** Opening DATA LISTING block **

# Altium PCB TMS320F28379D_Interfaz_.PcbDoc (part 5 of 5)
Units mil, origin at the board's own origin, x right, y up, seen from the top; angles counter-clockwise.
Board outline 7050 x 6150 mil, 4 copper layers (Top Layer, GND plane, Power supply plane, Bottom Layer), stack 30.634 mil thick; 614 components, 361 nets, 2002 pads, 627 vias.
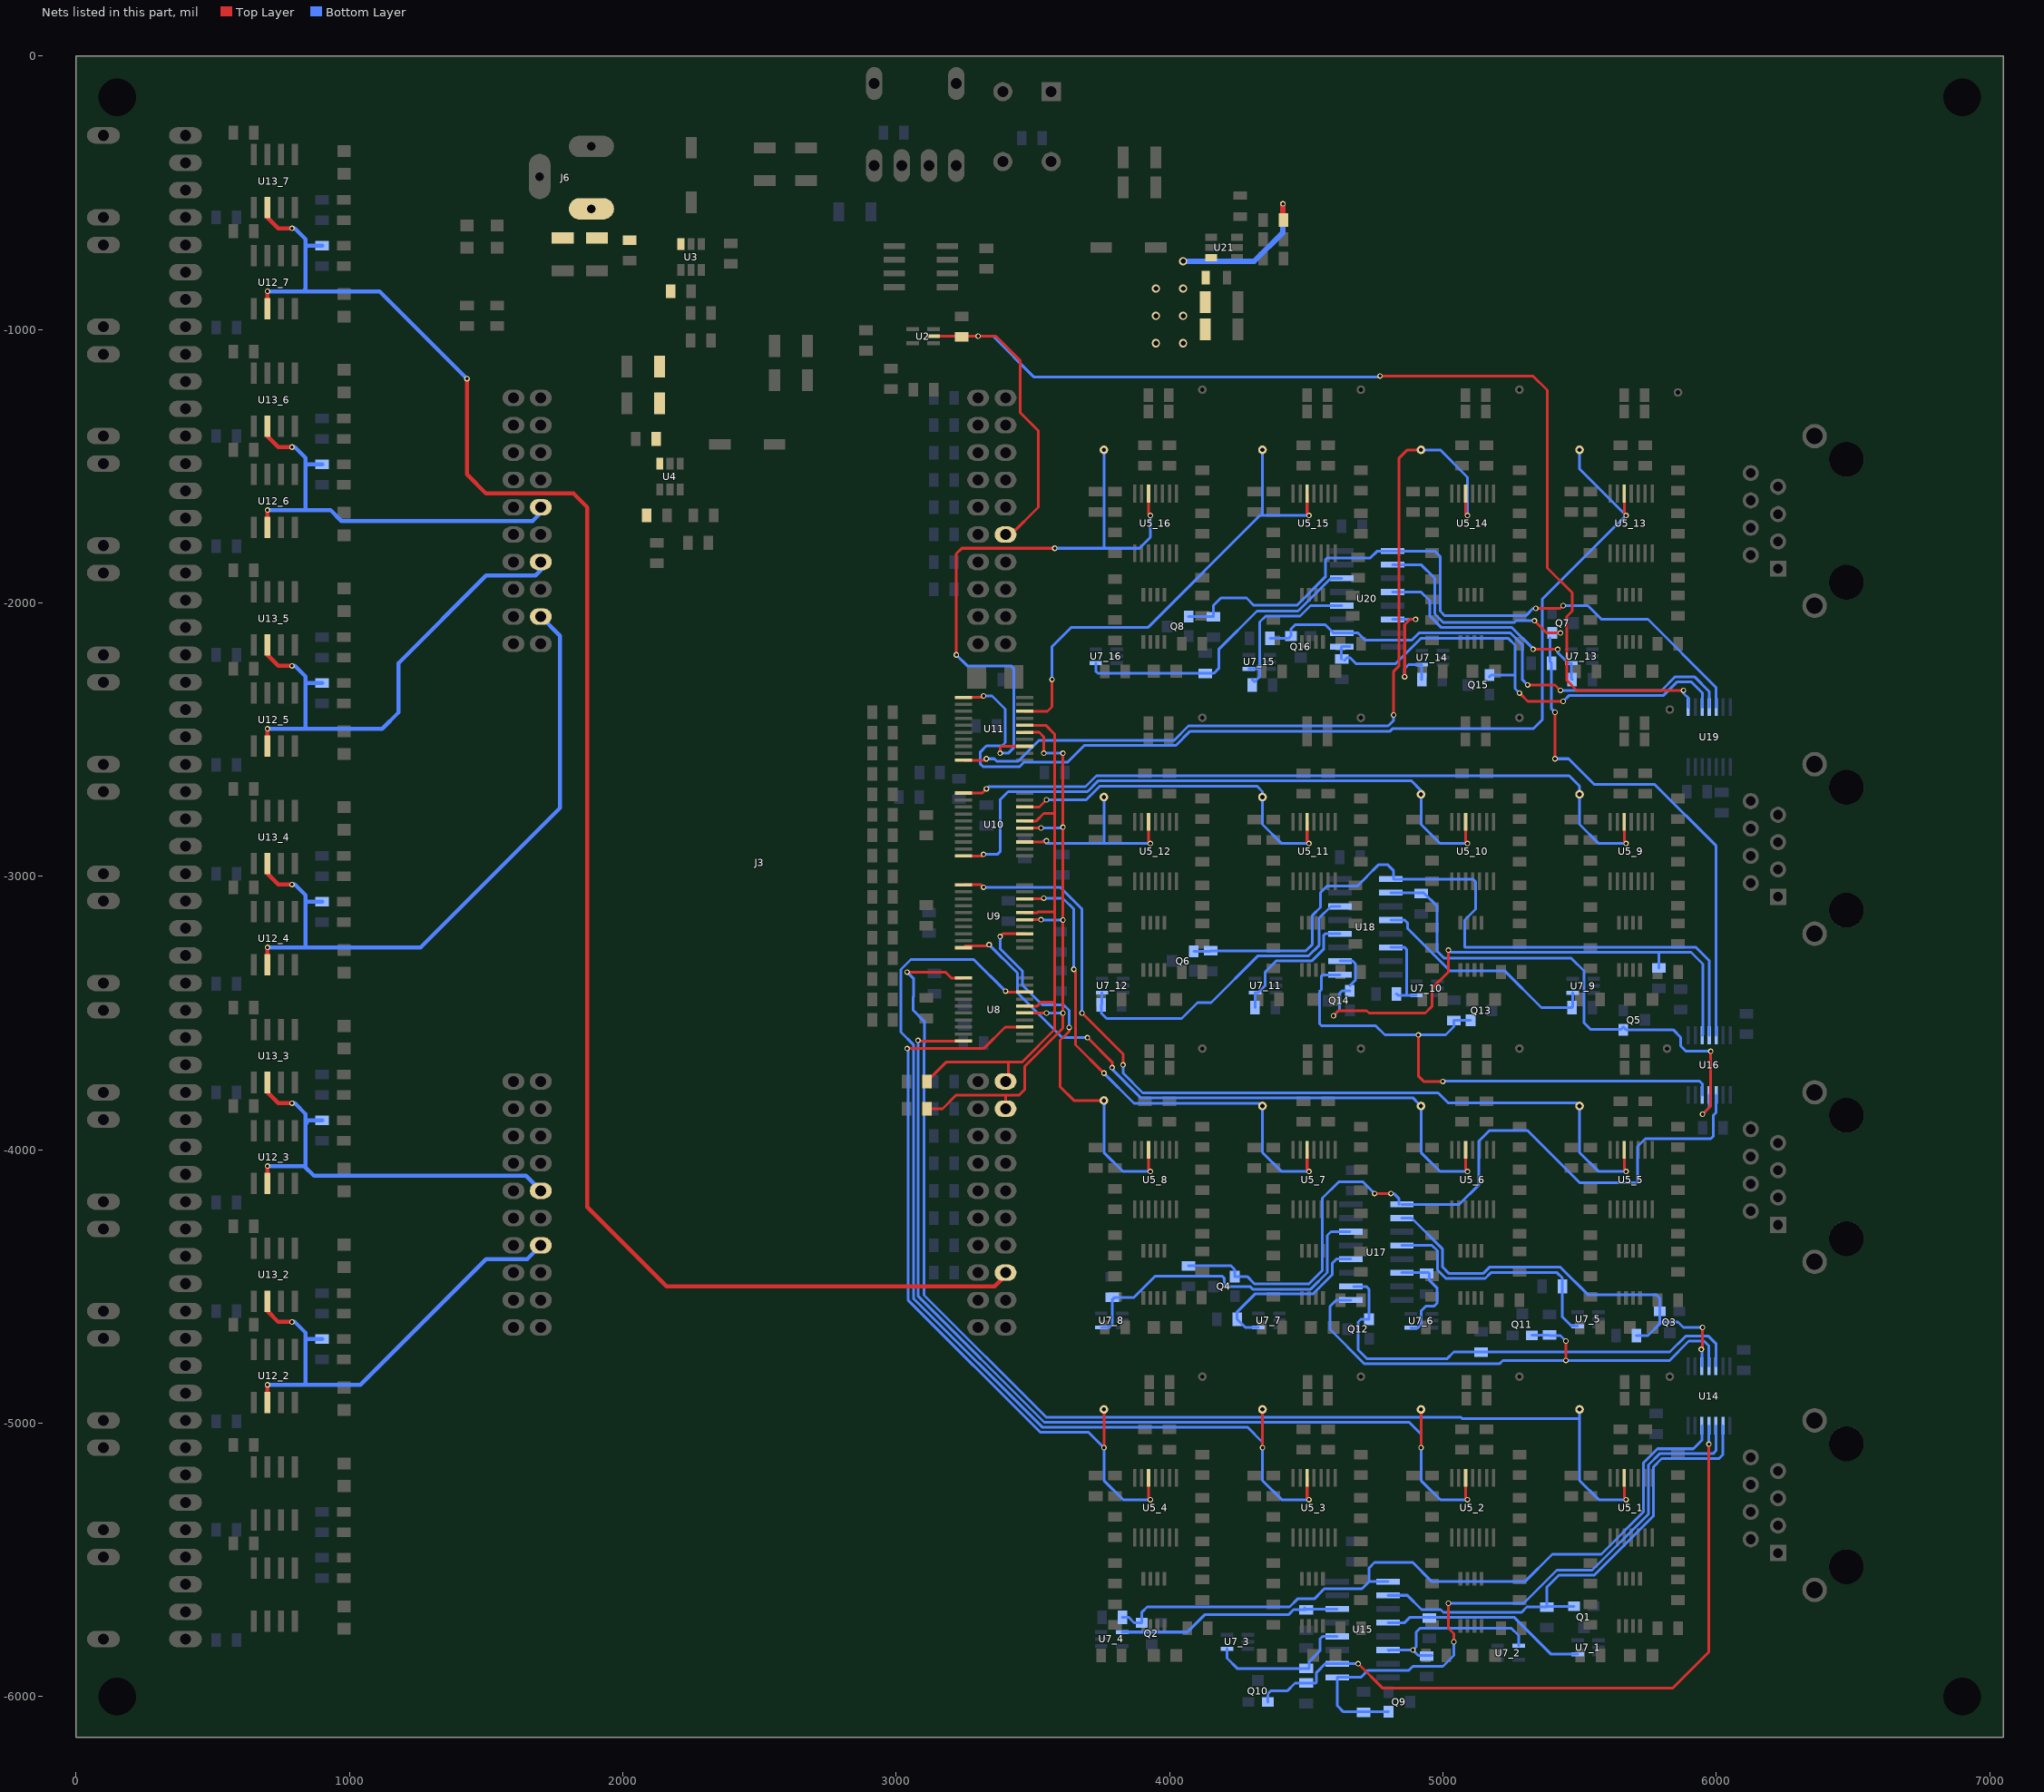
[diagram p7: the nets of this part, all layers, seen from the top]

## Via types
v1: diameter 20, hole 12, Top Layer to Bottom Layer, 538 vias
v2: diameter 30, hole 18, Top Layer to Bottom Layer, 80 vias
v3: diameter 30, hole 20, Top Layer to Bottom Layer, 6 vias
v4: diameter 32, hole 18, Top Layer to Bottom Layer, 3 vias

## Nets (pads, with @x,y where several pads share a name; then routed paths per layer and width w, separated by ;. In a path a pad name is that pad's centre, name@x,y a point inside that pad or via, vN(x,y) a via of type N, cw(c..) or ccw(c..) an arc to the next point about the centre after c; other vN are vias at no path point) (continued)
PWMB_2: J3.37 R63_2.2 U12_2.2 U13_2.2 | length 1737.5
  Top Layer w15: U12_2.2@700,-4924 v1(700,-4860) ; U13_2.2@700,-4554 700,-4590 740,-4630 v1(790,-4630)
  Bottom Layer w15: v1(700,-4860) 840,-4860 ; v1(790,-4630) 800,-4630 840,-4670 840,-4700 ; R63_2.2@900,-4692.6 847.4,-4692.6 840,-4700 ; J3.37@1700,-4350 1650,-4400 1500,-4400 1040,-4860 840,-4860 ; 840,-4860 840,-4700
PWMB_3: J3.35 R63_3.2 U12_3.2 U13_3.2 | length 1577.4
  Top Layer w15: U12_3.2@700,-4124 v1(700,-4060) ; U13_3.2@700,-3754 700,-3790 740,-3830 v1(790,-3830)
  Bottom Layer w15: v1(700,-4060) 834.55,-4060 ; v1(790,-3830) 800,-3830 840,-3870 840,-3910 ; R63_3.2@900,-3892.6 847.4,-3892.6 840,-3910 ; J3.35@1700,-4150 1645.5,-4095.5 870.05,-4095.5 834.55,-4060 ; 834.55,-4060 840,-4060 840,-3910
PWMB_4: J3.79 R63_4.2 U12_4.2 U13_4.2 | length 2536.4
  Top Layer w15: U12_4.2@700,-3324 v1(700,-3260) ; U13_4.2@700,-2954 700,-2990 740,-3030 v1(790,-3030)
  Bottom Layer w15: v1(700,-3260) 840,-3260 ; v1(790,-3030) 800,-3030 840,-3070 840,-3100 ; R63_4.2@900,-3092.6 847.4,-3092.6 840,-3100 ; J3.79@1700,-2050 1770,-2120 1770,-2750 1260,-3260 840,-3260 ; 840,-3260 840,-3100
PWMB_5: J3.77 R63_5.2 U12_5.2 U13_5.2 | length 1891.9
  Top Layer w15: U12_5.2@700,-2524 v1(700,-2460) ; U13_5.2@700,-2154 700,-2190 740,-2230 v1(790,-2230)
  Bottom Layer w15: v1(700,-2460) 840,-2460 ; v1(790,-2230) 800,-2230 840,-2270 840,-2300 ; R63_5.2@900,-2292.6 847.4,-2292.6 840,-2300 ; J3.77@1700,-1860 1700,-1880 1680,-1900 1500,-1900 1180,-2220 1180,-2400 1120,-2460 840,-2460 ; 840,-2460 840,-2300
PWMB_6: J3.75 R63_6.2 U12_6.2 U13_6.2 | length 1569.3
  Top Layer w15: U12_6.2@700,-1724 v1(700,-1660) ; U13_6.2@700,-1354 700,-1390 740,-1430 v1(790,-1430)
  Bottom Layer w15: v1(700,-1660) 840,-1660 ; v1(790,-1430) 800,-1430 840,-1470 840,-1500 ; R63_6.2@900,-1492.6 847.4,-1492.6 840,-1500 ; J3.75@1710,-1660 1670,-1700 970,-1700 930,-1660 840,-1660 ; 840,-1660 840,-1500
PWMB_10: J3.3 R63_7.2 U12_7.2 U13_7.2 | length 6459.3
  Top Layer w15: U12_7.2@700,-924 v1(700,-860) ; U13_7.2@700,-554 700,-590 740,-630 v1(790,-630) ; v1(1430,-1180) 1430,-1530 1500,-1600 1820,-1600 1870,-1650 1870,-4210 2160,-4500 3360,-4500 J3.3@3400,-4460
  Bottom Layer w15: v1(700,-860) 830,-860 ; v1(790,-630) 800,-630 840,-670 840,-700 ; R63_7.2@900,-692.6 847.4,-692.6 840,-700 ; v1(1430,-1180) 1110,-860 830,-860 ; 830,-860 840,-850 840,-700
R_I2C_1: POT_1.1 U5_1.5 U8.11 | length 4562.4
  Top Layer w10: v1(3040,-3350) 3180,-3350 3202.05,-3372.05 U8.11@3245.59,-3372.05 ; U5_1.5@5663.23,-5200 5663.23,-5273.23 v1(5670,-5280)
  Bottom Layer w10: v1(3040,-3350) 3063,-3373 3063,-3439.53 3062,-3440.53 3062,-3489.47 3103,-3530.47 3103,-3609.53 3102,-3610.53 3102,-4532 3548.75,-4978.75 5066.22,-4978.75 5070.47,-4983 5495.75,-4983 5500,-4987.25 ; POT_1.1@5500,-4940 POT_1.1@5500,-4950 5500,-4987.25 ; v1(5670,-5280) 5570,-5280 5500,-5210 5500,-4987.25
R_I2C_2: POT_2.1 U5_2.5 U8.20 | length 3742.8
  Top Layer w10: v1(3080,-3600) 3082.36,-3602.36 U8.20@3245.59,-3602.36 ; v1(4920,-5090) POT_2.1@4920,-4950 ; U5_2.5@5083.23,-5200 5083.23,-5273.23 v1(5090,-5280)
  Bottom Layer w10: v1(3080,-3600) 3081,-3601 3081,-4536.46 3541.29,-4996.75 4876.75,-4996.75 4920,-5040 v1(4920,-5090) 4920,-5210 4990,-5280 v1(5090,-5280)
R_I2C_3: POT_3.1 U5_3.5 U8.8 | length 3796.7
  Top Layer w10: v1(3400,-3420) 3403.23,-3423.23 U8.8@3470,-3423.23 ; v1(4340,-5090) POT_3.1@4340,-4950 ; U5_3.5@4503.23,-5200 4503.23,-5273.23 v1(4510,-5280)
  Bottom Layer w10: v1(3400,-3420) 3284,-3304 3053.47,-3304 3017,-3340.47 3017,-3569.53 3063,-3615.53 3063,-4543.91 3533.84,-5014.75 4284.75,-5014.75 4340,-5070 v1(4340,-5090) 4340,-5210 4410,-5280 v1(4510,-5280)
R_I2C_4: POT_4.1 U5_4.5 U8.3 | length 2866
  Top Layer w10: v1(3040,-3630) 3320,-3630 3398.82,-3551.18 U8.3@3470,-3551.18 ; v1(3760,-5090) POT_4.1@3760,-4950 ; U5_4.5@3923.23,-5200 3923.23,-5273.23 v1(3930,-5280)
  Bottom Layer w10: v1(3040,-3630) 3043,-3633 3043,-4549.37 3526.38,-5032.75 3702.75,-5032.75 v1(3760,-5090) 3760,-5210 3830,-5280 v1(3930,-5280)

** Closing DATA LISTING block **

• _YOUR OBJECTIVE_:
Exact repeats of the lines from the first one in the data through the line containing "Top Layer w15: U12_5.2@700,-2524" make up the answer. Pictures do not.

• _OUTPUT FOR THIS TASK_:
# Altium PCB TMS320F28379D_Interfaz_.PcbDoc (part 5 of 5)
Units mil, origin at the board's own origin, x right, y up, seen from the top; angles counter-clockwise.
Board outline 7050 x 6150 mil, 4 copper layers (Top Layer, GND plane, Power supply plane, Bottom Layer), stack 30.634 mil thick; 614 components, 361 nets, 2002 pads, 627 vias.
[diagram p7: the nets of this part, all layers, seen from the top]

## Via types
v1: diameter 20, hole 12, Top Layer to Bottom Layer, 538 vias
v2: diameter 30, hole 18, Top Layer to Bottom Layer, 80 vias
v3: diameter 30, hole 20, Top Layer to Bottom Layer, 6 vias
v4: diameter 32, hole 18, Top Layer to Bottom Layer, 3 vias

## Nets (pads, with @x,y where several pads share a name; then routed paths per layer and width w, separated by ;. In a path a pad name is that pad's centre, name@x,y a point inside that pad or via, vN(x,y) a via of type N, cw(c..) or ccw(c..) an arc to the next point about the centre after c; other vN are vias at no path point) (continued)
PWMB_2: J3.37 R63_2.2 U12_2.2 U13_2.2 | length 1737.5
  Top Layer w15: U12_2.2@700,-4924 v1(700,-4860) ; U13_2.2@700,-4554 700,-4590 740,-4630 v1(790,-4630)
  Bottom Layer w15: v1(700,-4860) 840,-4860 ; v1(790,-4630) 800,-4630 840,-4670 840,-4700 ; R63_2.2@900,-4692.6 847.4,-4692.6 840,-4700 ; J3.37@1700,-4350 1650,-4400 1500,-4400 1040,-4860 840,-4860 ; 840,-4860 840,-4700
PWMB_3: J3.35 R63_3.2 U12_3.2 U13_3.2 | length 1577.4
  Top Layer w15: U12_3.2@700,-4124 v1(700,-4060) ; U13_3.2@700,-3754 700,-3790 740,-3830 v1(790,-3830)
  Bottom Layer w15: v1(700,-4060) 834.55,-4060 ; v1(790,-3830) 800,-3830 840,-3870 840,-3910 ; R63_3.2@900,-3892.6 847.4,-3892.6 840,-3910 ; J3.35@1700,-4150 1645.5,-4095.5 870.05,-4095.5 834.55,-4060 ; 834.55,-4060 840,-4060 840,-3910
PWMB_4: J3.79 R63_4.2 U12_4.2 U13_4.2 | length 2536.4
  Top Layer w15: U12_4.2@700,-3324 v1(700,-3260) ; U13_4.2@700,-2954 700,-2990 740,-3030 v1(790,-3030)
  Bottom Layer w15: v1(700,-3260) 840,-3260 ; v1(790,-3030) 800,-3030 840,-3070 840,-3100 ; R63_4.2@900,-3092.6 847.4,-3092.6 840,-3100 ; J3.79@1700,-2050 1770,-2120 1770,-2750 1260,-3260 840,-3260 ; 840,-3260 840,-3100
PWMB_5: J3.77 R63_5.2 U12_5.2 U13_5.2 | length 1891.9
  Top Layer w15: U12_5.2@700,-2524 v1(700,-2460) ; U13_5.2@700,-2154 700,-2190 740,-2230 v1(790,-2230)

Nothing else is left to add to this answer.